> _Task prompt_: Once the line containing "t6569 = (t5480.*t5901)./2.0;" is found in the data below, output that line and every line after it through the last, unchanged and with nothing else.

[Dataset records]
========================================
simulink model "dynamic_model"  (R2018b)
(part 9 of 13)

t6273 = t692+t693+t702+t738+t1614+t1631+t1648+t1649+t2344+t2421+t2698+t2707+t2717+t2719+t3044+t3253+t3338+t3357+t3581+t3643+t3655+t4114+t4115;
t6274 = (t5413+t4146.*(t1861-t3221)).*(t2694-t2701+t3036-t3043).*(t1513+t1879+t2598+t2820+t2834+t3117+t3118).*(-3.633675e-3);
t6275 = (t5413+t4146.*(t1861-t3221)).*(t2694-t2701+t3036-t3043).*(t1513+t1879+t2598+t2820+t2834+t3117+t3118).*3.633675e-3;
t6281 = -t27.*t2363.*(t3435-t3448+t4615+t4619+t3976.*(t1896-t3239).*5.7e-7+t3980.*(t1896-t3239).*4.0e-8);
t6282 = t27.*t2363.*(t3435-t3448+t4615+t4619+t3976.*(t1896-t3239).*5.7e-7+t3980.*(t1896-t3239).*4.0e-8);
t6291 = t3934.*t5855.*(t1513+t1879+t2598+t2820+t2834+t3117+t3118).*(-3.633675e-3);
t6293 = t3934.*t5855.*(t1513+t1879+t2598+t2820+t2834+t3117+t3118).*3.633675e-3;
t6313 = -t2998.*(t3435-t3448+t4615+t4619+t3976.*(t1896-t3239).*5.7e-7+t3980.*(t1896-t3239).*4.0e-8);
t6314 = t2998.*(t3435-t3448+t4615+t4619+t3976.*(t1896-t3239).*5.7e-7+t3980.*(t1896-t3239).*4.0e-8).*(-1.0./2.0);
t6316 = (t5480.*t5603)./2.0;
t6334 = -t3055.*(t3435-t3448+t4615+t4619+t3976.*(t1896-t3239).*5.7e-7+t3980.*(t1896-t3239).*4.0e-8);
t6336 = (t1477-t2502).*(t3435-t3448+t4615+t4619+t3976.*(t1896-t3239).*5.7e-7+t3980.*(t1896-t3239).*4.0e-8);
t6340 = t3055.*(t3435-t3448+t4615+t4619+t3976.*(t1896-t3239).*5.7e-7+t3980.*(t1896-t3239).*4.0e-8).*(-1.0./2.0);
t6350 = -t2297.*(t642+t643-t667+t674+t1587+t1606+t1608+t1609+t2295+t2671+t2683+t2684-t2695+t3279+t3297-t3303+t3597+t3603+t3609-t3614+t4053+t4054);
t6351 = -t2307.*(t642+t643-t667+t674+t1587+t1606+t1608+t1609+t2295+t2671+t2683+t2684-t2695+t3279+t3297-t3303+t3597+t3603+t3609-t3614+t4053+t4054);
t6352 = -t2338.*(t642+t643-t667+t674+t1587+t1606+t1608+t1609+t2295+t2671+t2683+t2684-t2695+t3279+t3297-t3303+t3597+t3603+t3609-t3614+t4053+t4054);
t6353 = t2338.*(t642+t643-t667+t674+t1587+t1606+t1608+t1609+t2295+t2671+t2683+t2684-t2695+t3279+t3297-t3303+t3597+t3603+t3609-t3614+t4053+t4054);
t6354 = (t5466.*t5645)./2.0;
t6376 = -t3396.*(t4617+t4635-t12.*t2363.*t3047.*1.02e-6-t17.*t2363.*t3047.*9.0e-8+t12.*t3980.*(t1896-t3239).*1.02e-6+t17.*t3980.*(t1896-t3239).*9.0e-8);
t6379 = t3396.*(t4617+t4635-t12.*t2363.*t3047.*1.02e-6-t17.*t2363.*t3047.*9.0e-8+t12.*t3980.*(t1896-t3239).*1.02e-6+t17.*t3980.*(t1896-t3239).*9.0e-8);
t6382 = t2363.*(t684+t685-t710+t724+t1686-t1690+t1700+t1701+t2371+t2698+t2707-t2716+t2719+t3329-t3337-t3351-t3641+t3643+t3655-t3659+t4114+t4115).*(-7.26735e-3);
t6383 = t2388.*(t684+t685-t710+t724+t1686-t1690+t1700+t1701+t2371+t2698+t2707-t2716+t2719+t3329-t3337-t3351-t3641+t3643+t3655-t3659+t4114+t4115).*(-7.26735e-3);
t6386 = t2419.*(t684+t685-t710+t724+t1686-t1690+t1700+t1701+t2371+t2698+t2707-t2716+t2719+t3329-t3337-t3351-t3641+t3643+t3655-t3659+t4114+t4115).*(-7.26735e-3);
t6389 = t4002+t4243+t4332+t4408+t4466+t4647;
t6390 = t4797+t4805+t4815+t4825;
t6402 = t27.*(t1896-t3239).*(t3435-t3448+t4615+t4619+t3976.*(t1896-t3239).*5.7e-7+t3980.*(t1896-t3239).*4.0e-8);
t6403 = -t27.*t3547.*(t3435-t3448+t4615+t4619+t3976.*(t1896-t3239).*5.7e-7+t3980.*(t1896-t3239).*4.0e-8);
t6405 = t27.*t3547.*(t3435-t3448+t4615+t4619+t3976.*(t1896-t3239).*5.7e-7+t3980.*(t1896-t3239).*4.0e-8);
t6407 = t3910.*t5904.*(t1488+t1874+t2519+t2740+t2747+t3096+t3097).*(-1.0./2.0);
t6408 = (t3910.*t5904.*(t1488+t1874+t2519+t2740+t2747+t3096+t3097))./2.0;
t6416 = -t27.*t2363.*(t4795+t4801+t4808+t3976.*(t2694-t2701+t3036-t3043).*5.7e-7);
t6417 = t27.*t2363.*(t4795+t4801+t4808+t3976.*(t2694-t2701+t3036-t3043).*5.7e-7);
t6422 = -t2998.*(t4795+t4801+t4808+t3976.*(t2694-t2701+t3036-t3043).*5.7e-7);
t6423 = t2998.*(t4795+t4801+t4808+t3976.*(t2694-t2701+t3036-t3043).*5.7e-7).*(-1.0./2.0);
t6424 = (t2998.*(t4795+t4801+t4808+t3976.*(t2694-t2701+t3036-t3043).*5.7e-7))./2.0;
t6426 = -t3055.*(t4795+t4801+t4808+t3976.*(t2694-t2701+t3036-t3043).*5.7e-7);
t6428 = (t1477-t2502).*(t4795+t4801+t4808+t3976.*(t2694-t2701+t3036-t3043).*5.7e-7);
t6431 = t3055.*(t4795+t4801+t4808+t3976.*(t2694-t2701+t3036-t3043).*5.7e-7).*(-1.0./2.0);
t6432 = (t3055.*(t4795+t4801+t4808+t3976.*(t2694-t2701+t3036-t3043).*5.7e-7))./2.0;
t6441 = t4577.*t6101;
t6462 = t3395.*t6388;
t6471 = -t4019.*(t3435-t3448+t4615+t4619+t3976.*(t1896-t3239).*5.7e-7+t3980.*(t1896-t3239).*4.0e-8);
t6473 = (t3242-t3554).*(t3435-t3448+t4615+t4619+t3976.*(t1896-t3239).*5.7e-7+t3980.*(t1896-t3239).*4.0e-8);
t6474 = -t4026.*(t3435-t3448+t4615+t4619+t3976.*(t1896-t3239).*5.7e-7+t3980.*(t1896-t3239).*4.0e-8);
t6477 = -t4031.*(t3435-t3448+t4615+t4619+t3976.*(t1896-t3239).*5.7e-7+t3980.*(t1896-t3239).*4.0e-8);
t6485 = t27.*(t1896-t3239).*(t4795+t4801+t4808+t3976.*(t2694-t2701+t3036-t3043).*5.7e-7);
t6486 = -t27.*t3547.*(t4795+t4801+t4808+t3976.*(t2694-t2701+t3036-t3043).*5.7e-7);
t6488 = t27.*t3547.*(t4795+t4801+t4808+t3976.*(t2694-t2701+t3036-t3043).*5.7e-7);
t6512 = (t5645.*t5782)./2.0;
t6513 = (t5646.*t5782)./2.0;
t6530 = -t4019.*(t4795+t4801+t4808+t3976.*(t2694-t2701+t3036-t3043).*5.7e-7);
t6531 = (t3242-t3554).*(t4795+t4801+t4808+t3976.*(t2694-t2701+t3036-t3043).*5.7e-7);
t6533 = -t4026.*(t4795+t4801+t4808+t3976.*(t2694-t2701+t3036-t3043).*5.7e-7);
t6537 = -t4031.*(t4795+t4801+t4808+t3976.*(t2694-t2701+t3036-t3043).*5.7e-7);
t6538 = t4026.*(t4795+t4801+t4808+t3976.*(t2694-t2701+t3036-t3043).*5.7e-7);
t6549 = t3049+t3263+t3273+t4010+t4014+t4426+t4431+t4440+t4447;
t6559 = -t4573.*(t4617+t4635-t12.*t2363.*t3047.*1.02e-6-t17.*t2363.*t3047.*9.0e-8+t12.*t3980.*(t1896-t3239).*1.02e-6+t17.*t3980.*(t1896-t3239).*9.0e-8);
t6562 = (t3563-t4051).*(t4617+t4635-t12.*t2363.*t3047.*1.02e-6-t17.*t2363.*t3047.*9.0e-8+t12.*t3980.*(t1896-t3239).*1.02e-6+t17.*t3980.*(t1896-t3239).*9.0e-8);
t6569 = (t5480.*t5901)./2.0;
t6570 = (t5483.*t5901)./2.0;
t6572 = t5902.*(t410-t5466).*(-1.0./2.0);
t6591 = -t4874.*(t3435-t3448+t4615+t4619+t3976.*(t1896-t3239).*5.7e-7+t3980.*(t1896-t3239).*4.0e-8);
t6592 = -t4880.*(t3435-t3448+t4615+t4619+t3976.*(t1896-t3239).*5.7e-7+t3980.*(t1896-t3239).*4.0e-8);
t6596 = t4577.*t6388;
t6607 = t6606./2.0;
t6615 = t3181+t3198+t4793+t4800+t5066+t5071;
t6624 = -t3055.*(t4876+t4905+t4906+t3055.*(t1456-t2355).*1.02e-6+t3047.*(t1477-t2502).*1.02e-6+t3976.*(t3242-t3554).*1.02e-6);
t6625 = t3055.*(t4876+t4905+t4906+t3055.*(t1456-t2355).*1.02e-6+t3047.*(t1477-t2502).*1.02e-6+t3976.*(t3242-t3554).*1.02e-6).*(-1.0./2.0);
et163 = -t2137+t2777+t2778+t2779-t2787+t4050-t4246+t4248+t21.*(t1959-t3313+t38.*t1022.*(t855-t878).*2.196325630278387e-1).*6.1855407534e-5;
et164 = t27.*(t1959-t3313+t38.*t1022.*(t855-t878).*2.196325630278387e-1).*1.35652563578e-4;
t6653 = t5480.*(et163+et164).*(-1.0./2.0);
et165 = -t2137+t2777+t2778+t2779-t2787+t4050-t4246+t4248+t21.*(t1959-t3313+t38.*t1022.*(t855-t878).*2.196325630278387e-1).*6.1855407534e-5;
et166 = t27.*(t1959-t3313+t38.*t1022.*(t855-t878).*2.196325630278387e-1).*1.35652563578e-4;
========================================
> _Result for this exercise_:
t6569 = (t5480.*t5901)./2.0;
t6570 = (t5483.*t5901)./2.0;
t6572 = t5902.*(t410-t5466).*(-1.0./2.0);
t6591 = -t4874.*(t3435-t3448+t4615+t4619+t3976.*(t1896-t3239).*5.7e-7+t3980.*(t1896-t3239).*4.0e-8);
t6592 = -t4880.*(t3435-t3448+t4615+t4619+t3976.*(t1896-t3239).*5.7e-7+t3980.*(t1896-t3239).*4.0e-8);
t6596 = t4577.*t6388;
t6607 = t6606./2.0;
t6615 = t3181+t3198+t4793+t4800+t5066+t5071;
t6624 = -t3055.*(t4876+t4905+t4906+t3055.*(t1456-t2355).*1.02e-6+t3047.*(t1477-t2502).*1.02e-6+t3976.*(t3242-t3554).*1.02e-6);
t6625 = t3055.*(t4876+t4905+t4906+t3055.*(t1456-t2355).*1.02e-6+t3047.*(t1477-t2502).*1.02e-6+t3976.*(t3242-t3554).*1.02e-6).*(-1.0./2.0);
et163 = -t2137+t2777+t2778+t2779-t2787+t4050-t4246+t4248+t21.*(t1959-t3313+t38.*t1022.*(t855-t878).*2.196325630278387e-1).*6.1855407534e-5;
et164 = t27.*(t1959-t3313+t38.*t1022.*(t855-t878).*2.196325630278387e-1).*1.35652563578e-4;
t6653 = t5480.*(et163+et164).*(-1.0./2.0);
et165 = -t2137+t2777+t2778+t2779-t2787+t4050-t4246+t4248+t21.*(t1959-t3313+t38.*t1022.*(t855-t878).*2.196325630278387e-1).*6.1855407534e-5;
et166 = t27.*(t1959-t3313+t38.*t1022.*(t855-t878).*2.196325630278387e-1).*1.35652563578e-4;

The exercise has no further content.